The report notes payment cycles had stretched in the past two fiscals because state discoms in Madhya Pradesh, Maharashtra, Telangana, and Andhra Pradesh (accounting for 23% of the overall capacity exposure) held back payments to RE developers following liquidity crunch or contractual disagreements. This increased the overall receivables cycle for assessed companies by over 10% from the March 2019 level to 180 days as of March 2022.

“Receivable levels could have deteriorated more but for the increase in the proportion of central counterparties (Solar Energy Corporation of India and National Thermal Power Corporation Ltd) to 40% of the operational portfolio in March 2022 from 20% in March 2019. This fiscal, we expect the share of central counterparties in operating RE capacities to rise to 50%, which will improve receivables to 155 days as of March 2023, keeping other things constant,” says Manish Gupta, senior director of CRISIL Ratings.
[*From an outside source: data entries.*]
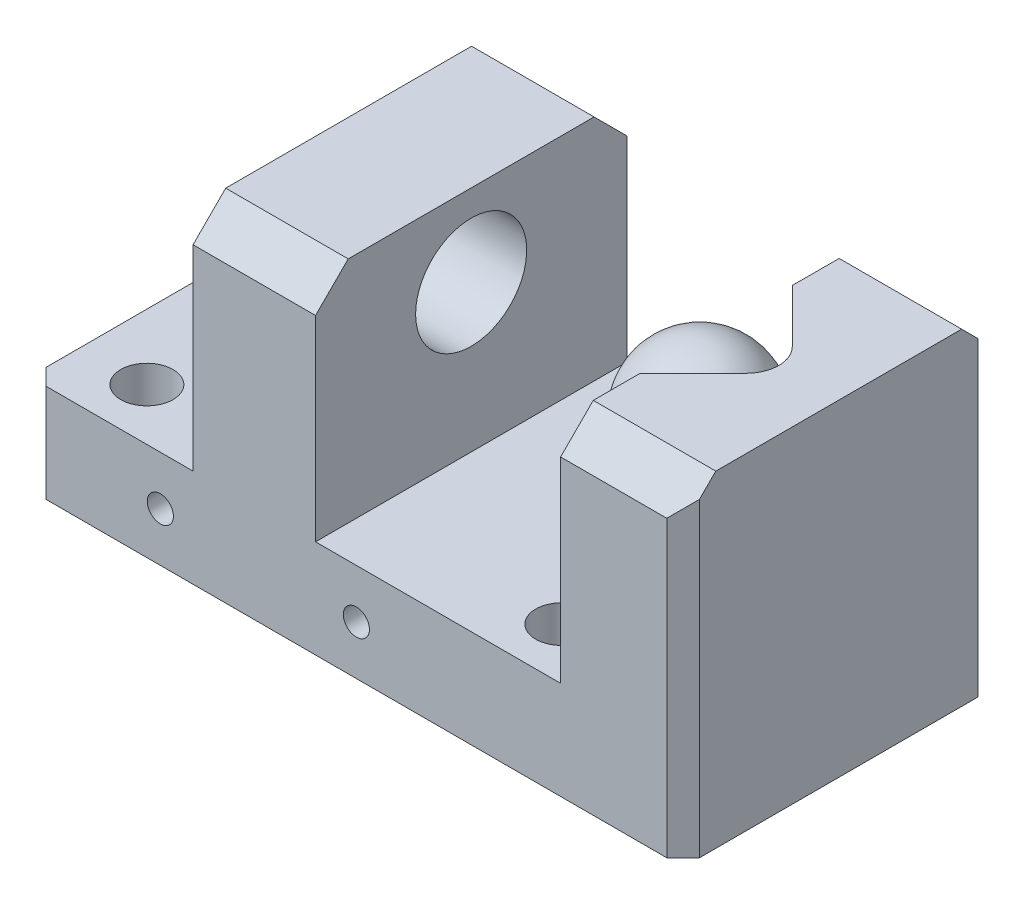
ISO-10303-21;
HEADER;
FILE_DESCRIPTION(('STEP AP214'),'2;1');
FILE_NAME('part.step','',(''),(''),'','','');
FILE_SCHEMA(('AUTOMOTIVE_DESIGN { 1 0 10303 214 1 1 1 1 }'));
ENDSEC;
DATA;
#1=APPLICATION_CONTEXT('core data for automotive mechanical design processes');
#2=APPLICATION_PROTOCOL_DEFINITION('international standard','automotive_design',2000,#1);
#3=PRODUCT_CONTEXT('',#1,'mechanical');
#4=PRODUCT('Part','Part','',(#3));
#5=PRODUCT_RELATED_PRODUCT_CATEGORY('part','',(#4));
#6=PRODUCT_DEFINITION_FORMATION('','',#4);
#7=PRODUCT_DEFINITION_CONTEXT('part definition',#1,'design');
#8=PRODUCT_DEFINITION('design','',#6,#7);
#9=PRODUCT_DEFINITION_SHAPE('','',#8);
#10=(LENGTH_UNIT() NAMED_UNIT(*) SI_UNIT(.MILLI.,.METRE.));
#11=(NAMED_UNIT(*) PLANE_ANGLE_UNIT() SI_UNIT($,.RADIAN.));
#12=(NAMED_UNIT(*) SI_UNIT($,.STERADIAN.) SOLID_ANGLE_UNIT());
#13=UNCERTAINTY_MEASURE_WITH_UNIT(LENGTH_MEASURE(1.E-05),#10,'distance_accuracy_value','');
#14=(GEOMETRIC_REPRESENTATION_CONTEXT(3) GLOBAL_UNCERTAINTY_ASSIGNED_CONTEXT((#13)) GLOBAL_UNIT_ASSIGNED_CONTEXT((#10,
#11,#12)) REPRESENTATION_CONTEXT('',''));
#15=CARTESIAN_POINT('',(0.,0.,0.));
#16=DIRECTION('',(0.,0.,1.));
#17=DIRECTION('',(1.,0.,0.));
#18=AXIS2_PLACEMENT_3D('',#15,#16,#17);
#19=CARTESIAN_POINT('',(31.5,15.,0.));
#20=DIRECTION('',(-1.,0.,0.));
#21=DIRECTION('',(0.,0.,-1.));
#22=AXIS2_PLACEMENT_3D('',#19,#20,#21);
#23=SPHERICAL_SURFACE('',#22,4.);
#24=CARTESIAN_POINT('',(27.5,15.,0.));
#25=VERTEX_POINT('',#24);
#26=VERTEX_LOOP('',#25);
#27=FACE_BOUND('',#26,.T.);
#28=ADVANCED_FACE('F40',(#27),#23,.T.);
#29=CLOSED_SHELL('',(#28));
#30=MANIFOLD_SOLID_BREP('B2',#29);
#31=CARTESIAN_POINT('',(40.,20.,9.525));
#32=DIRECTION('',(0.,-1.,0.));
#33=DIRECTION('',(0.,0.,-1.));
#34=AXIS2_PLACEMENT_3D('',#31,#32,#33);
#35=PLANE('',#34);
#36=DIRECTION('',(0.,0.,-1.));
#37=VECTOR('',#36,1.);
#38=CARTESIAN_POINT('',(32.5,20.,9.525));
#39=LINE('',#38,#37);
#40=CARTESIAN_POINT('',(32.5,20.,7.52499999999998));
#41=VERTEX_POINT('',#40);
#42=CARTESIAN_POINT('',(32.5,20.,4.65685424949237));
#43=VERTEX_POINT('',#42);
#44=EDGE_CURVE('E325',#41,#43,#39,.T.);
#45=ORIENTED_EDGE('',*,*,#44,.F.);
#46=DIRECTION('',(1.,0.,0.));
#47=VECTOR('',#46,1.);
#48=CARTESIAN_POINT('',(40.,20.,7.52499999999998));
#49=LINE('',#48,#47);
#50=CARTESIAN_POINT('',(40.,20.,7.52499999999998));
#51=VERTEX_POINT('',#50);
#52=EDGE_CURVE('E353',#41,#51,#49,.T.);
#53=ORIENTED_EDGE('',*,*,#52,.T.);
#54=DIRECTION('',(0.,0.,-1.));
#55=VECTOR('',#54,1.);
#56=CARTESIAN_POINT('',(40.,20.,9.525));
#57=LINE('',#56,#55);
#58=CARTESIAN_POINT('',(40.,20.,-7.52499999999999));
#59=VERTEX_POINT('',#58);
#60=EDGE_CURVE('E327',#51,#59,#57,.T.);
#61=ORIENTED_EDGE('',*,*,#60,.T.);
#62=DIRECTION('',(-1.,0.,0.));
#63=VECTOR('',#62,1.);
#64=CARTESIAN_POINT('',(32.5,20.,-7.525));
#65=LINE('',#64,#63);
#66=CARTESIAN_POINT('',(32.5,20.,-7.52499999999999));
#67=VERTEX_POINT('',#66);
#68=EDGE_CURVE('E350',#59,#67,#65,.T.);
#69=ORIENTED_EDGE('',*,*,#68,.T.);
#70=CARTESIAN_POINT('',(32.5,20.,-4.65685424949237));
#71=VERTEX_POINT('',#70);
#72=EDGE_CURVE('E324',#71,#67,#39,.T.);
#73=ORIENTED_EDGE('',*,*,#72,.F.);
#74=DIRECTION('',(-0.707106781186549,0.,-0.707106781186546));
#75=VECTOR('',#74,1.);
#76=CARTESIAN_POINT('',(43.3409271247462,20.,6.18407287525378));
#77=LINE('',#76,#75);
#78=CARTESIAN_POINT('',(35.7426406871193,20.,-1.4142135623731));
#79=VERTEX_POINT('',#78);
#80=EDGE_CURVE('E248',#79,#71,#77,.T.);
#81=ORIENTED_EDGE('',*,*,#80,.F.);
#82=CARTESIAN_POINT('',(34.3284271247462,20.,0.));
#83=DIRECTION('',(0.,-1.,0.));
#84=DIRECTION('',(0.,0.,-1.));
#85=AXIS2_PLACEMENT_3D('',#82,#83,#84);
#86=CIRCLE('',#85,2.);
#87=CARTESIAN_POINT('',(35.7426406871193,20.,1.4142135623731));
#88=VERTEX_POINT('',#87);
#89=EDGE_CURVE('E339',#88,#79,#86,.F.);
#90=ORIENTED_EDGE('',*,*,#89,.F.);
#91=DIRECTION('',(0.707106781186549,0.,-0.707106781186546));
#92=VECTOR('',#91,1.);
#93=CARTESIAN_POINT('',(33.8159271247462,20.,3.34092712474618));
#94=LINE('',#93,#92);
#95=EDGE_CURVE('E246',#43,#88,#94,.T.);
#96=ORIENTED_EDGE('',*,*,#95,.F.);
#97=EDGE_LOOP('',(#45,#53,#61,#69,#73,#81,#90,#96));
#98=FACE_BOUND('',#97,.T.);
#99=ADVANCED_FACE('F50',(#98),#35,.F.);
#100=CARTESIAN_POINT('',(32.5,20.,9.525));
#101=DIRECTION('',(1.,0.,0.));
#102=DIRECTION('',(0.,0.,-1.));
#103=AXIS2_PLACEMENT_3D('',#100,#101,#102);
#104=PLANE('',#103);
#105=DIRECTION('',(0.,-1.,0.));
#106=VECTOR('',#105,1.);
#107=CARTESIAN_POINT('',(32.5,20.,9.525));
#108=LINE('',#107,#106);
#109=CARTESIAN_POINT('',(32.5,18.,9.525));
#110=VERTEX_POINT('',#109);
#111=CARTESIAN_POINT('',(32.5,6.,9.525));
#112=VERTEX_POINT('',#111);
#113=EDGE_CURVE('E277',#110,#112,#108,.T.);
#114=ORIENTED_EDGE('',*,*,#113,.F.);
#115=DIRECTION('',(0.,-0.707106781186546,0.707106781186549));
#116=VECTOR('',#115,1.);
#117=CARTESIAN_POINT('',(32.5,18.,9.525));
#118=LINE('',#117,#116);
#119=EDGE_CURVE('E348',#110,#41,#118,.F.);
#120=ORIENTED_EDGE('',*,*,#119,.T.);
#121=ORIENTED_EDGE('',*,*,#44,.T.);
#122=DIRECTION('',(0.,1.,0.));
#123=VECTOR('',#122,1.);
#124=CARTESIAN_POINT('',(32.5,20.,4.65685424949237));
#125=LINE('',#124,#123);
#126=CARTESIAN_POINT('',(32.5,10.,4.65685424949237));
#127=VERTEX_POINT('',#126);
#128=EDGE_CURVE('E333',#127,#43,#125,.T.);
#129=ORIENTED_EDGE('',*,*,#128,.F.);
#130=DIRECTION('',(0.,0.,1.));
#131=VECTOR('',#130,1.);
#132=CARTESIAN_POINT('',(32.5,10.,-4.65685424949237));
#133=LINE('',#132,#131);
#134=CARTESIAN_POINT('',(32.5,10.,-4.65685424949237));
#135=VERTEX_POINT('',#134);
#136=EDGE_CURVE('E233',#135,#127,#133,.T.);
#137=ORIENTED_EDGE('',*,*,#136,.F.);
#138=DIRECTION('',(0.,-1.,0.));
#139=VECTOR('',#138,1.);
#140=CARTESIAN_POINT('',(32.5,20.,-4.65685424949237));
#141=LINE('',#140,#139);
#142=EDGE_CURVE('E336',#71,#135,#141,.T.);
#143=ORIENTED_EDGE('',*,*,#142,.F.);
#144=ORIENTED_EDGE('',*,*,#72,.T.);
#145=DIRECTION('',(0.,-0.70710678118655,-0.707106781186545));
#146=VECTOR('',#145,1.);
#147=CARTESIAN_POINT('',(32.5,20.,-7.525));
#148=LINE('',#147,#146);
#149=CARTESIAN_POINT('',(32.5,18.,-9.525));
#150=VERTEX_POINT('',#149);
#151=EDGE_CURVE('E346',#67,#150,#148,.T.);
#152=ORIENTED_EDGE('',*,*,#151,.T.);
#153=DIRECTION('',(0.,-1.,0.));
#154=VECTOR('',#153,1.);
#155=CARTESIAN_POINT('',(32.5,20.,-9.525));
#156=LINE('',#155,#154);
#157=CARTESIAN_POINT('',(32.5,6.,-9.525));
#158=VERTEX_POINT('',#157);
#159=EDGE_CURVE('E293',#150,#158,#156,.T.);
#160=ORIENTED_EDGE('',*,*,#159,.T.);
#161=DIRECTION('',(0.,0.,-1.));
#162=VECTOR('',#161,1.);
#163=CARTESIAN_POINT('',(32.5,6.,9.525));
#164=LINE('',#163,#162);
#165=EDGE_CURVE('E321',#112,#158,#164,.T.);
#166=ORIENTED_EDGE('',*,*,#165,.F.);
#167=EDGE_LOOP('',(#114,#120,#121,#129,#137,#143,#144,#152,#160,#166));
#168=FACE_BOUND('',#167,.T.);
#169=ADVANCED_FACE('F419',(#168),#104,.F.);
#170=CARTESIAN_POINT('',(0.,0.,9.525));
#171=DIRECTION('',(0.,1.,0.));
#172=DIRECTION('',(-1.,0.,0.));
#173=AXIS2_PLACEMENT_3D('',#170,#171,#172);
#174=PLANE('',#173);
#175=CARTESIAN_POINT('',(4.,0.,-6.35));
#176=DIRECTION('',(0.,-1.,0.));
#177=DIRECTION('',(0.,0.,-1.));
#178=AXIS2_PLACEMENT_3D('',#175,#176,#177);
#179=CIRCLE('',#178,1.59999999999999);
#180=CARTESIAN_POINT('',(4.,0.,-7.94999999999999));
#181=VERTEX_POINT('',#180);
#182=EDGE_CURVE('E250',#181,#181,#179,.T.);
#183=ORIENTED_EDGE('',*,*,#182,.F.);
#184=EDGE_LOOP('',(#183));
#185=FACE_BOUND('',#184,.T.);
#186=CARTESIAN_POINT('',(29.4,0.,-6.35));
#187=DIRECTION('',(0.,-1.,0.));
#188=DIRECTION('',(0.,0.,-1.));
#189=AXIS2_PLACEMENT_3D('',#186,#187,#188);
#190=CIRCLE('',#189,1.59999999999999);
#191=CARTESIAN_POINT('',(29.4,0.,-7.94999999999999));
#192=VERTEX_POINT('',#191);
#193=EDGE_CURVE('E256',#192,#192,#190,.T.);
#194=ORIENTED_EDGE('',*,*,#193,.F.);
#195=EDGE_LOOP('',(#194));
#196=FACE_BOUND('',#195,.T.);
#197=CARTESIAN_POINT('',(4.,0.,6.35));
#198=DIRECTION('',(0.,-1.,0.));
#199=DIRECTION('',(0.,0.,-1.));
#200=AXIS2_PLACEMENT_3D('',#197,#198,#199);
#201=CIRCLE('',#200,1.59999999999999);
#202=CARTESIAN_POINT('',(4.,0.,4.75000000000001));
#203=VERTEX_POINT('',#202);
#204=EDGE_CURVE('E262',#203,#203,#201,.T.);
#205=ORIENTED_EDGE('',*,*,#204,.F.);
#206=EDGE_LOOP('',(#205));
#207=FACE_BOUND('',#206,.T.);
#208=CARTESIAN_POINT('',(29.4,0.,6.35000000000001));
#209=DIRECTION('',(0.,-1.,0.));
#210=DIRECTION('',(0.,0.,-1.));
#211=AXIS2_PLACEMENT_3D('',#208,#209,#210);
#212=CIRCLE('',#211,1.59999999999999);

CRISIL expects the central counterparties to maintain their payment track record, given the benefit of diversity, payment security funds, and higher bargaining power because of their scale and flexibilities, such as being beneficiaries in a tripartite agreement between state government, central government, and the Reserve Bank of India. 

Late Payment Surcharge is the interest payable by a discom to a power generator on the amount outstanding after the due date for power procured from it.

“Some states have subscribed to the government’s LPS scheme under which they are to clear past dues of power generating companies and regularise their fresh dues. Under the scheme, Power Finance Corporation/REC Ltd will provide loans to state discoms to help pay off dues of generating companies over a period of 1-4 years. Andhra Pradesh, Madhya Pradesh, Karnataka, and Maharashtra, which have subscribed to this scheme, may potentially clear dues worth INR 2,000 crore in fiscal 2023. This will help improve the receivable level of key RE companies by another 15 days,” says Ankit Hakhu, director of CRISIL Ratings.

Confidence remains high in the regularisation of state discom dues, given the penal provisions in the LPS scheme, such as cessation of short-term power access, curtailment on medium- and long-term power access, and additional liabilities for the delay in payments. 

CRISIL says some of the assessed companies have started receiving payments and communication on scheme implementation from select state discoms. The calculations assume these companies will commission 7 GW for central counterparties during fiscal 2023. A delay in implementing these capacities because of the rise in module costs could affect the estimates.